**Records to process**
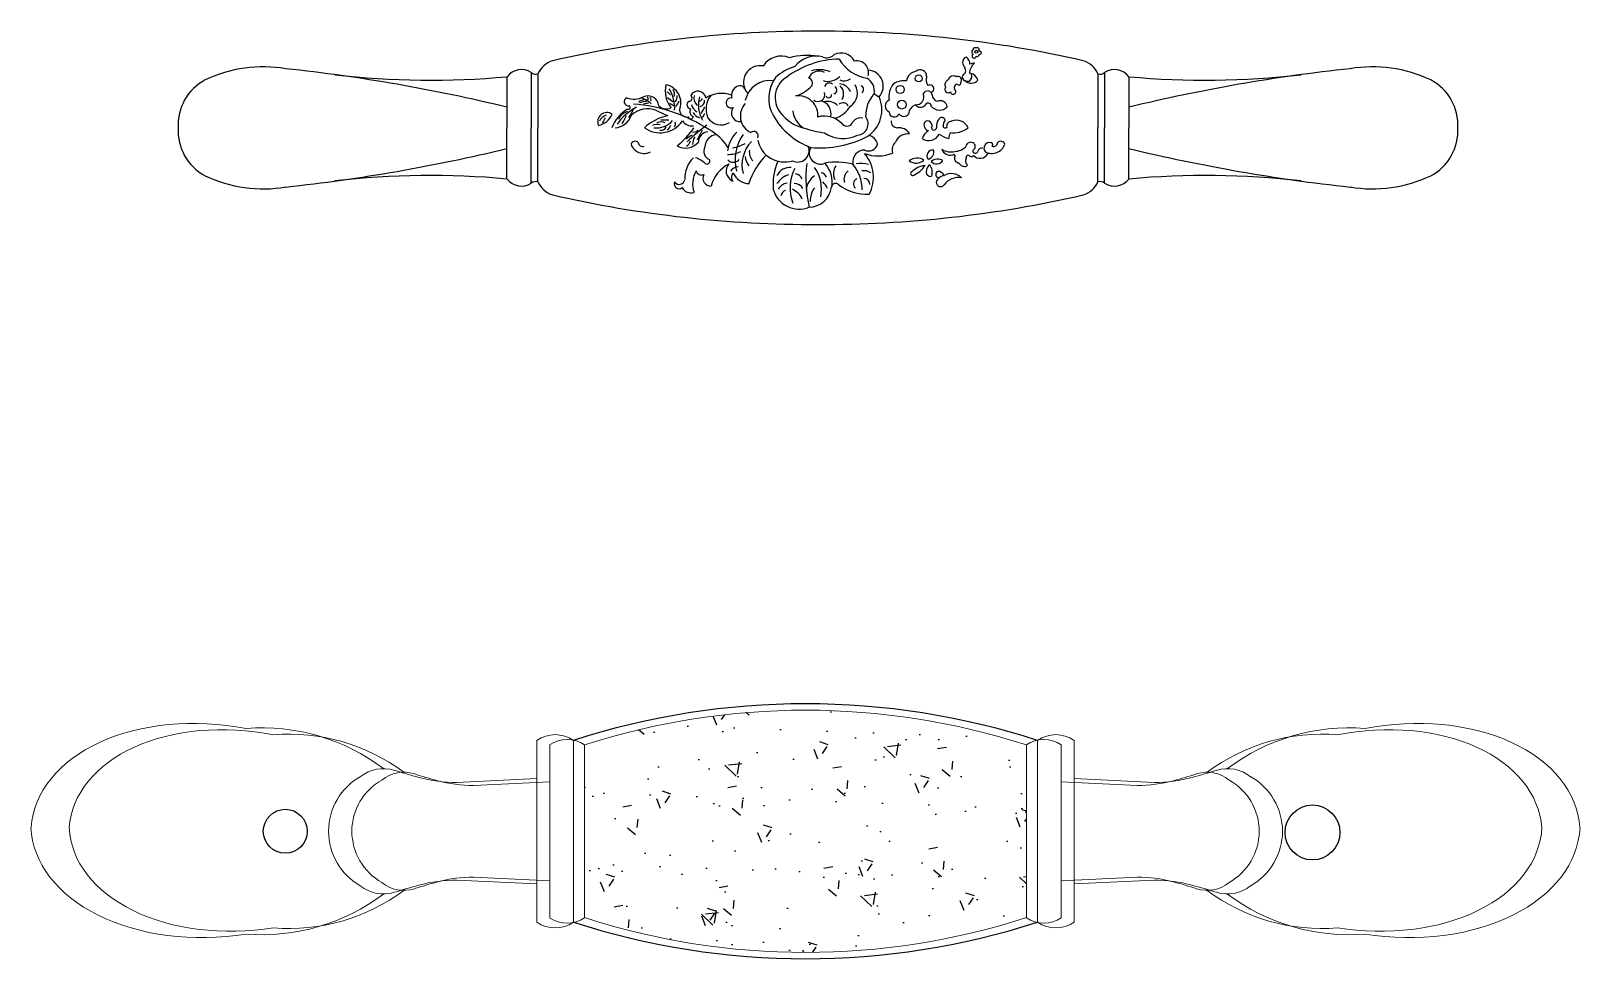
# Model space of a CAD drawing. Header units: millimetres. Extents: x -159347 to -158123, y -76894 to -75818.
# Drawn here: x -158722.8 to -158581.4, y -76182 to -76096.2 of the extents above; entities that cross this region are included whole.
import ezdxf

# ---------------------------------------------------------------- set-up
doc = ezdxf.new("R2010")
doc.units = ezdxf.units.MM
doc.header["$LTSCALE"] = 2
doc.header["$MEASUREMENT"] = 0
doc.layers.get('0').update_dxf_attribs({"linetype": 'CONTINUOUS'})

# ---------------------------------------------------------------- blocks, each defined once
blk = doc.blocks.new('LT-03')
h = blk.add_hatch()
h.set_pattern_fill('AR-CONC', color=256, scale=0.05, style=0)
h.set_pattern_definition([(50, (-878.0604, -2109.986), (9.109233, -0.796954), [0.9525, -10.4775]), (355, (-878.06, -2109.986), (-1.76214, 9.552832), [0.762, -8.382]), (100.451, (-877.301, -2110.052), (7.347125, 8.755834), [0.8095, -8.9045]), (46.1842, (-878.06, -2107.446), (13.55395, -2.102116), [1.42875, -15.71625]), (96.6356, (-876.931, -2107.621), (11.87021, 12.37128), [1.21425, -13.35675]), (351.184, (-878.06, -2107.446), (11.87023, 12.37126), [1.143, -12.573]), (21, (-876.7904, -2108.081), (7.580744, -5.113276), [0.9525, -10.4775]), (326, (-876.79, -2108.081), (3.0901, 9.2094), [0.762, -8.382]), (71.4514, (-876.159, -2108.507), (10.670825, 4.096143), [0.8095, -8.9045]), (37.5, (-878.0604, -2109.986), (0.15443, 4.227752), [0, -8.2804, 0, -8.509, 0, -8.41375]), (7.5, (-878.0604, -2109.986), (3.340983, 5.009029), [0, -4.8514, 0, -8.0899, 0, -3.20675]), (327.5, (-880.8925, -2109.986), (6.77953, -0.286437), [0, -3.175, 0, -9.906, 0, -13.1445]), (317.5, (-882.1625, -2109.986), (7.406459, 1.271325), [0, -4.1275, 0, -6.5786, 0, -9.3345])])
edge = h.paths.add_edge_path()
edge.add_arc((52.91, -0.64), 65.46, 162.1035, 197.8965)
edge.add_line((-9.39, -20.76), (6.34, -20.76))
edge.add_arc((-55.96, -0.64), 65.46, 342.1035, 377.8965)
edge.add_line((-9.39, 19.47), (6.34, 19.47))
at = {"lineweight": 13}
for p, q in [((-6.32, 23.81), (-5.97, 31.08)), ((3.27, 23.81), (2.92, 31.08)), ((-6.02, 22.64), (-5.69, 29.55)), ((2.97, 22.64), (2.64, 29.55)), ((-9.8, 23.81), (6.75, 23.81)), ((-9.39, 22.64), (6.34, 22.64)), ((-9.8, 20.47), (6.75, 20.47)), ((-9.39, 19.47), (6.34, 19.47)), ((-9.39, -20.76), (6.34, -20.76)), ((-9.8, -21.76), (6.75, -21.76)), ((-9.39, -23.93), (6.34, -23.93)), ((-6.02, -23.93), (-5.69, -30.83)), ((2.97, -23.93), (2.64, -30.83)), ((-9.8, -25.09), (6.75, -25.09)), ((-6.32, -25.09), (-5.97, -32.37)), ((3.27, -25.09), (2.92, -32.37))]:
    blk.add_line(p, q, dxfattribs=at)
for centre, radius in [((-1.52, 46.71), 2), ((-1.63, -46.79), 2.5)]:
    blk.add_circle(centre, radius)
for centre, radius, start, end in [((7.46, 48.84), 18.4, 175.5402, 216.9799), ((-10.51, 48.84), 18.4, 323.0201, 4.4598), ((7.07, 46.35), 17.44, 175.2674, 216.7578), ((-10.12, 46.35), 17.44, 323.2422, 4.7326), ((-1.52, 37.06), 5.71, 29.59, 150.41), ((-3.9, 37.78), 3.33, 140.8778, 197.6437), ((-1.52, 35.32), 5.33, 28.9979, 151.0021), ((0.85, 37.78), 3.33, 342.3563, 39.1222), ((-56.89, 20.92), 52.27, 15.1217, 17.6437), ((-3.73, 35.91), 3.17, 140.8778, 197.6437), ((0.68, 35.91), 3.17, 342.3563, 39.1222), ((53.84, 20.92), 52.27, 162.3563, 164.8783), ((-54.07, 19.9), 49.66, 15.1217, 17.6437), ((-19.31, 31.08), 13.34, 0, 15.1217), ((16.26, 31.08), 13.34, 164.8783, 180), ((51.02, 19.9), 49.66, 162.3563, 164.8783), ((-18.36, 29.55), 12.67, 0, 15.1217), ((15.31, 29.55), 12.67, 164.8783, 180), ((-7.4, 22.14), 2.92, 145.2169, 214.7831), ((-7.11, 21.06), 2.78, 145.2169, 214.7831), ((4.06, 21.06), 2.78, 325.2169, 34.7831), ((4.35, 22.14), 2.92, 325.2169, 34.7831), ((-7.11, -22.34), 2.78, 145.2169, 214.7831), ((4.06, -22.34), 2.78, 325.2169, 34.7831), ((-7.4, -23.43), 2.92, 145.2169, 214.7831), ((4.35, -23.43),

**What to do**
The required output is a verbatim repetition of the lines from the opening of the entries above through the line containing "h = blk.add_hatch()", inclusive, with no pictures and nothing else.

**Written solution**
# Model space of a CAD drawing. Header units: millimetres. Extents: x -159347 to -158123, y -76894 to -75818.
# Drawn here: x -158722.8 to -158581.4, y -76182 to -76096.2 of the extents above; entities that cross this region are included whole.
import ezdxf

# ---------------------------------------------------------------- set-up
doc = ezdxf.new("R2010")
doc.units = ezdxf.units.MM
doc.header["$LTSCALE"] = 2
doc.header["$MEASUREMENT"] = 0
doc.layers.get('0').update_dxf_attribs({"linetype": 'CONTINUOUS'})

# ---------------------------------------------------------------- blocks, each defined once
blk = doc.blocks.new('LT-03')
h = blk.add_hatch()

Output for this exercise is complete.